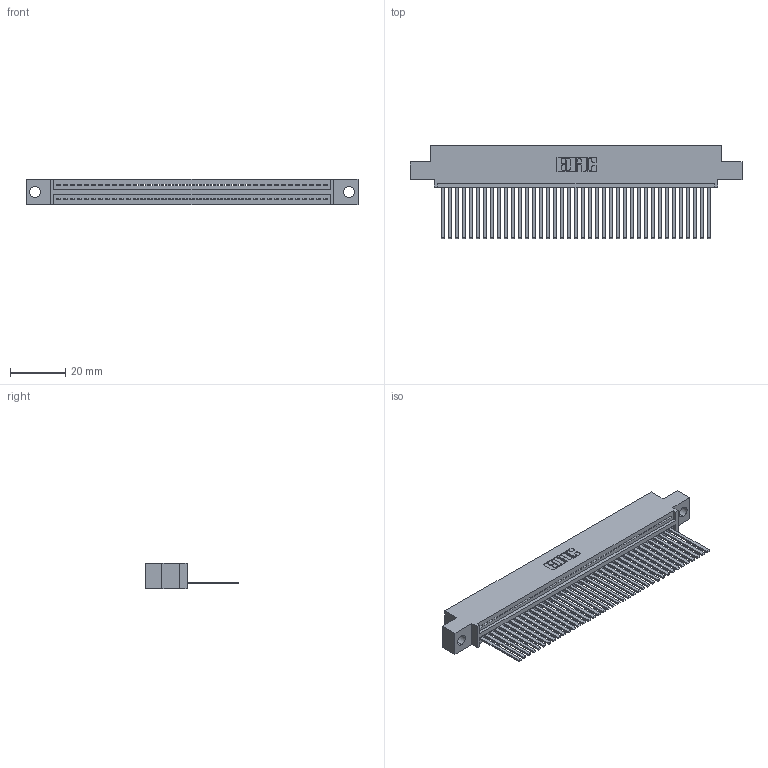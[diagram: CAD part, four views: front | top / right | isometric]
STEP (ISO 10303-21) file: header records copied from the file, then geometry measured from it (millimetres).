
FILE_DESCRIPTION (( 'STEP AP203' ), '1' );
FILE_NAME ('345-039-544-404.STEP', '2018-09-04T23:41:30', ( '' ), ( '' ), 'SwSTEP 2.0', 'SolidWorks 2016', '' );
FILE_SCHEMA (( 'CONFIG_CONTROL_DESIGN' ));
Length unit declared in the file: inch
Products named in the file (3): 345 Part_0.110 Offset - 0.156 Dia-TH; 345-292-001_345-293-144; 345-039-544-404
Assembly tree (40 placements, depth 2):
  345-039-544-404
    345 Part_0.110 Offset - 0.156 Dia-TH
    345-292-001_345-293-144  x39
Bounding box: 120.27 x 33.96 x 9.4 mm (x, y, z)
Volume: 11689.1 mm3; surface area: 16739.7 mm2
Topology: 40 solids, 40 shells, 2158 faces, 6515 edges, 4290 vertices
Faces by surface type: plane 1488, cylinder 670
Entity records: 29707 total; most frequent: CARTESIAN_POINT 5153, ORIENTED_EDGE 5126, DIRECTION 4501, EDGE_CURVE 2563, VECTOR 2279, LINE 2279, VERTEX_POINT 1706, AXIS2_PLACEMENT_3D 1111
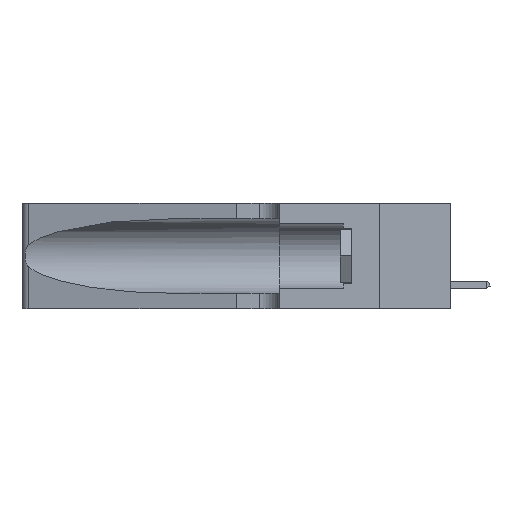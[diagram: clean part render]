
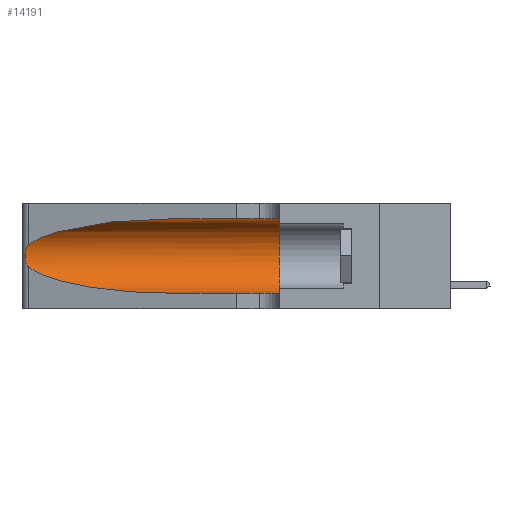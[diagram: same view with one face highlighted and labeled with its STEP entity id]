
A CAD part, left-side view. The second image highlights one B-rep face of the part: STEP entity #14191.
In plain terms, the highlighted cylindrical face has radius 3.308 mm (diameter 6.617 mm), a partial arc.
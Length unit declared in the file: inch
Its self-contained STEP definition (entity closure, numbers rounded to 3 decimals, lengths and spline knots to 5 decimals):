
#85 = ORIENTED_EDGE ( 'NONE', *, *, #10144, .F. ) ;
#532 = VERTEX_POINT ( 'NONE', #11638 ) ;
#616 = CARTESIAN_POINT ( 'NONE',  ( 0.26075, 1.23896, 0.178 ) ) ;
#678 = CARTESIAN_POINT ( 'NONE',  ( 0.25487, 1.22718, 0.14631 ) ) ;
#1008 = LINE ( 'NONE', #3215, #5457 ) ;
#1040 = CARTESIAN_POINT ( 'NONE',  ( 0.1305, 0.72297, 0.05475 ) ) ;
#1298 = VERTEX_POINT ( 'NONE', #1040 ) ;
#1440 = DIRECTION ( 'NONE',  ( 0., 0., 1. ) ) ;
#1939 = CARTESIAN_POINT ( 'NONE',  ( 0.25639, 1.23184, 0.21858 ) ) ;
#1999 = CARTESIAN_POINT ( 'NONE',  ( 0.26075, 1.23896, 0.19203 ) ) ;
#2060 = CARTESIAN_POINT ( 'NONE',  ( 0.25856, 1.23593, 0.16098 ) ) ;
#2583 = EDGE_CURVE ( 'NONE', #2803, #17222, #11030, .T. ) ;
#2803 = VERTEX_POINT ( 'NONE', #11930 ) ;
#2947 = ORIENTED_EDGE ( 'NONE', *, *, #7452, .T. ) ;
#3080 = CARTESIAN_POINT ( 'NONE',  ( 0.1305, 0.35, 0.31525 ) ) ;
#3141 = VERTEX_POINT ( 'NONE', #11759 ) ;
#3215 = CARTESIAN_POINT ( 'NONE',  ( 0.1305, 1.61858, 0.05475 ) ) ;
#3333 = ORIENTED_EDGE ( 'NONE', *, *, #13039, .T. ) ;
#4189 = CARTESIAN_POINT ( 'NONE',  ( 0.18966, 0.96281, 0.31525 ) ) ;
#5457 = VECTOR ( 'NONE', #13103, 39.37008 ) ;
#6017 = VERTEX_POINT ( 'NONE', #8686 ) ;
#6154 =( BOUNDED_CURVE ( )  B_SPLINE_CURVE ( 3, ( #15131, #4189, #9890, #10867 ),
 .UNSPECIFIED., .F., .F. ) 
 B_SPLINE_CURVE_WITH_KNOTS ( ( 4, 4 ),
 ( 1.5708, 2.84003 ),
 .UNSPECIFIED. ) 
 CURVE ( )  GEOMETRIC_REPRESENTATION_ITEM ( )  RATIONAL_B_SPLINE_CURVE ( ( 1., 0.87, 0.87, 1. ) ) 
 REPRESENTATION_ITEM ( '' )  );
#6368 = VECTOR ( 'NONE', #14036, 39.37008 ) ;
#6382 = CARTESIAN_POINT ( 'NONE',  ( 0.25854, 1.2359, 0.20912 ) ) ;
#6619 = CARTESIAN_POINT ( 'NONE',  ( 0.1305, 1.61858, 0.185 ) ) ;
#7055 = ORIENTED_EDGE ( 'NONE', *, *, #2583, .F. ) ;
#7282 = B_SPLINE_CURVE_WITH_KNOTS ( 'NONE', 3,
 ( #17699, #7691, #1939, #13260, #6382, #10661, #1999, #616, #11902, #2060, #13322, #10551, #7747, #678 ),
 .UNSPECIFIED., .F., .F.,
 ( 4, 2, 2, 2, 2, 2, 4 ),
 ( 0., 0.00027, 0.00053, 0.00107, 0.0016, 0.00187, 0.00214 ),
 .UNSPECIFIED. ) ;
#7452 = EDGE_CURVE ( 'NONE', #2803, #532, #6154, .T. ) ;
#7691 = CARTESIAN_POINT ( 'NONE',  ( 0.25555, 1.22994, 0.2215 ) ) ;
#7747 = CARTESIAN_POINT ( 'NONE',  ( 0.25555, 1.22993, 0.14849 ) ) ;
#8041 = DIRECTION ( 'NONE',  ( 0., -1., 0. ) ) ;
#8584 = CIRCLE ( 'NONE', #13059, 0.13025 ) ;
#8686 = CARTESIAN_POINT ( 'NONE',  ( 0.25487, 1.22718, 0.14631 ) ) ;
#8746 = FACE_OUTER_BOUND ( 'NONE', #17104, .T. ) ;
#8954 = CYLINDRICAL_SURFACE ( 'NONE', #14748, 0.13025 ) ;
#9890 = CARTESIAN_POINT ( 'NONE',  ( 0.2373, 1.15595, 0.28018 ) ) ;
#9906 = CARTESIAN_POINT ( 'NONE',  ( 0.1305, 1.61858, 0.31525 ) ) ;
#10144 = EDGE_CURVE ( 'NONE', #17222, #3141, #8584, .T. ) ;
#10551 = CARTESIAN_POINT ( 'NONE',  ( 0.25639, 1.23186, 0.15144 ) ) ;
#10661 = CARTESIAN_POINT ( 'NONE',  ( 0.26018, 1.23835, 0.19895 ) ) ;
#10867 = CARTESIAN_POINT ( 'NONE',  ( 0.25487, 1.22718, 0.22369 ) ) ;
#11030 = LINE ( 'NONE', #9906, #6368 ) ;
#11198 = DIRECTION ( 'NONE',  ( 0., 0., -1. ) ) ;
#11638 = CARTESIAN_POINT ( 'NONE',  ( 0.25487, 1.22718, 0.22369 ) ) ;
#11759 = CARTESIAN_POINT ( 'NONE',  ( 0.1305, 0.35, 0.05475 ) ) ;
#11902 = CARTESIAN_POINT ( 'NONE',  ( 0.26017, 1.23833, 0.17102 ) ) ;
#11930 = CARTESIAN_POINT ( 'NONE',  ( 0.1305, 0.72297, 0.31525 ) ) ;
#12079 = CARTESIAN_POINT ( 'NONE',  ( 0.18966, 0.96281, 0.05475 ) ) ;
#12313 = CARTESIAN_POINT ( 'NONE',  ( 0.2373, 1.15595, 0.08982 ) ) ;
#12817 = ORIENTED_EDGE ( 'NONE', *, *, #18072, .T. ) ;
#13039 = EDGE_CURVE ( 'NONE', #6017, #1298, #15793, .T. ) ;
#13059 = AXIS2_PLACEMENT_3D ( 'NONE', #15421, #14116, #1440 ) ;
#13103 = DIRECTION ( 'NONE',  ( 0., -1., 0. ) ) ;
#13260 = CARTESIAN_POINT ( 'NONE',  ( 0.25787, 1.23484, 0.2124 ) ) ;
#13322 = CARTESIAN_POINT ( 'NONE',  ( 0.25789, 1.23486, 0.15765 ) ) ;
#13440 = CARTESIAN_POINT ( 'NONE',  ( 0.1305, 0.72297, 0.05475 ) ) ;
#14036 = DIRECTION ( 'NONE',  ( 0., -1., 0. ) ) ;
#14116 = DIRECTION ( 'NONE',  ( 0., 1., 0. ) ) ;
#14191 = ADVANCED_FACE ( 'NONE', ( #8746 ), #8954, .F. ) ;
#14748 = AXIS2_PLACEMENT_3D ( 'NONE', #6619, #8041, #11198 ) ;
#15131 = CARTESIAN_POINT ( 'NONE',  ( 0.1305, 0.72297, 0.31525 ) ) ;
#15421 = CARTESIAN_POINT ( 'NONE',  ( 0.1305, 0.35, 0.185 ) ) ;
#15462 = ORIENTED_EDGE ( 'NONE', *, *, #17268, .T. ) ;
#15793 =( BOUNDED_CURVE ( )  B_SPLINE_CURVE ( 3, ( #16481, #12313, #12079, #13440 ),
 .UNSPECIFIED., .F., .F. ) 
 B_SPLINE_CURVE_WITH_KNOTS ( ( 4, 4 ),
 ( 3.44316, 4.71239 ),
 .UNSPECIFIED. ) 
 CURVE ( )  GEOMETRIC_REPRESENTATION_ITEM ( )  RATIONAL_B_SPLINE_CURVE ( ( 1., 0.87, 0.87, 1. ) ) 
 REPRESENTATION_ITEM ( '' )  );
#16481 = CARTESIAN_POINT ( 'NONE',  ( 0.25487, 1.22718, 0.14631 ) ) ;
#17104 = EDGE_LOOP ( 'NONE', ( #2947, #12817, #3333, #15462, #85, #7055 ) ) ;
#17222 = VERTEX_POINT ( 'NONE', #3080 ) ;
#17268 = EDGE_CURVE ( 'NONE', #1298, #3141, #1008, .T. ) ;
#17699 = CARTESIAN_POINT ( 'NONE',  ( 0.25487, 1.22718, 0.22369 ) ) ;
#18072 = EDGE_CURVE ( 'NONE', #532, #6017, #7282, .T. ) ;

To do: Copy nothing but the lines above that run from the one with "[diagram: same view" to the one with "#7282 = B_SPLINE_CURVE_WITH_KNOTS", ends included; pictures stay out.

Task output:
[diagram: same view with one face highlighted and labeled with its STEP entity id]
A CAD part, left-side view. The second image highlights one B-rep face of the part: STEP entity #14191.
In plain terms, the highlighted cylindrical face has radius 3.308 mm (diameter 6.617 mm), a partial arc.
Length unit declared in the file: inch
Its self-contained STEP definition (entity closure, numbers rounded to 3 decimals, lengths and spline knots to 5 decimals):
#85 = ORIENTED_EDGE ( 'NONE', *, *, #10144, .F. ) ;
#532 = VERTEX_POINT ( 'NONE', #11638 ) ;
#616 = CARTESIAN_POINT ( 'NONE',  ( 0.26075, 1.23896, 0.178 ) ) ;
#678 = CARTESIAN_POINT ( 'NONE',  ( 0.25487, 1.22718, 0.14631 ) ) ;
#1008 = LINE ( 'NONE', #3215, #5457 ) ;
#1040 = CARTESIAN_POINT ( 'NONE',  ( 0.1305, 0.72297, 0.05475 ) ) ;
#1298 = VERTEX_POINT ( 'NONE', #1040 ) ;
#1440 = DIRECTION ( 'NONE',  ( 0., 0., 1. ) ) ;
#1939 = CARTESIAN_POINT ( 'NONE',  ( 0.25639, 1.23184, 0.21858 ) ) ;
#1999 = CARTESIAN_POINT ( 'NONE',  ( 0.26075, 1.23896, 0.19203 ) ) ;
#2060 = CARTESIAN_POINT ( 'NONE',  ( 0.25856, 1.23593, 0.16098 ) ) ;
#2583 = EDGE_CURVE ( 'NONE', #2803, #17222, #11030, .T. ) ;
#2803 = VERTEX_POINT ( 'NONE', #11930 ) ;
#2947 = ORIENTED_EDGE ( 'NONE', *, *, #7452, .T. ) ;
#3080 = CARTESIAN_POINT ( 'NONE',  ( 0.1305, 0.35, 0.31525 ) ) ;
#3141 = VERTEX_POINT ( 'NONE', #11759 ) ;
#3215 = CARTESIAN_POINT ( 'NONE',  ( 0.1305, 1.61858, 0.05475 ) ) ;
#3333 = ORIENTED_EDGE ( 'NONE', *, *, #13039, .T. ) ;
#4189 = CARTESIAN_POINT ( 'NONE',  ( 0.18966, 0.96281, 0.31525 ) ) ;
#5457 = VECTOR ( 'NONE', #13103, 39.37008 ) ;
#6017 = VERTEX_POINT ( 'NONE', #8686 ) ;
#6154 =( BOUNDED_CURVE ( )  B_SPLINE_CURVE ( 3, ( #15131, #4189, #9890, #10867 ),
 .UNSPECIFIED., .F., .F. ) 
 B_SPLINE_CURVE_WITH_KNOTS ( ( 4, 4 ),
 ( 1.5708, 2.84003 ),
 .UNSPECIFIED. ) 
 CURVE ( )  GEOMETRIC_REPRESENTATION_ITEM ( )  RATIONAL_B_SPLINE_CURVE ( ( 1., 0.87, 0.87, 1. ) ) 
 REPRESENTATION_ITEM ( '' )  );
#6368 = VECTOR ( 'NONE', #14036, 39.37008 ) ;
#6382 = CARTESIAN_POINT ( 'NONE',  ( 0.25854, 1.2359, 0.20912 ) ) ;
#6619 = CARTESIAN_POINT ( 'NONE',  ( 0.1305, 1.61858, 0.185 ) ) ;
#7055 = ORIENTED_EDGE ( 'NONE', *, *, #2583, .F. ) ;
#7282 = B_SPLINE_CURVE_WITH_KNOTS ( 'NONE', 3,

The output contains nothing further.